··· EXERCISE INPUTS

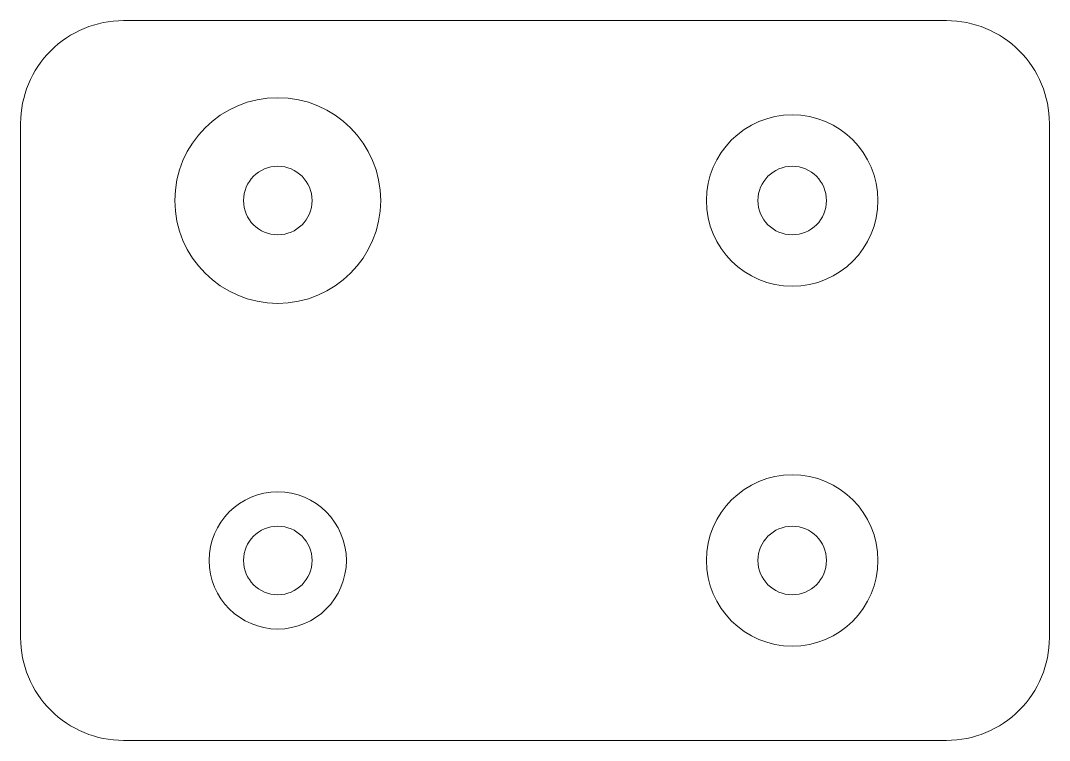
# Model space of a CAD drawing. Header units: inches. Extents: x 76 to 106, y 426.3 to 447.3.
import ezdxf

# ---------------------------------------------------------------- set-up
doc = ezdxf.new("R2010")
doc.units = ezdxf.units.IN
doc.header["$MEASUREMENT"] = 0
doc.layers.get('0').update_dxf_attribs({"color": 1, "lineweight": 9})

msp = doc.modelspace()

# ---------------------------------------------------------------- linework, layer by layer
at = {"lineweight": 5}
msp.add_lwpolyline([(102.995, 426.259), (78.995, 426.259, -0.414214), (75.995, 429.259), (75.995, 444.259, -0.414214), (78.995, 447.259), (102.995, 447.259, -0.414214), (105.995, 444.259), (105.995, 429.259, -0.414214)], format="xyb", close=True, dxfattribs=at)
for centre, radius in [((83.495, 442.009), 3), ((98.495, 442.009), 2.5), ((83.495, 442.009), 1), ((98.495, 442.009), 1), ((98.495, 431.509), 2.5), ((83.495, 431.509), 2), ((83.495, 431.509), 1), ((98.495, 431.509), 1)]:
    msp.add_circle(centre, radius, dxfattribs=at)

doc.saveas('drawing.dxf')

······

# PROBLEM DETAILS
Collect the lines of the data that carry the word "units".

# RESPONSE TO THIS TASK
# Model space of a CAD drawing. Header units: inches. Extents: x 76 to 106, y 426.3 to 447.3.
doc.units = ezdxf.units.IN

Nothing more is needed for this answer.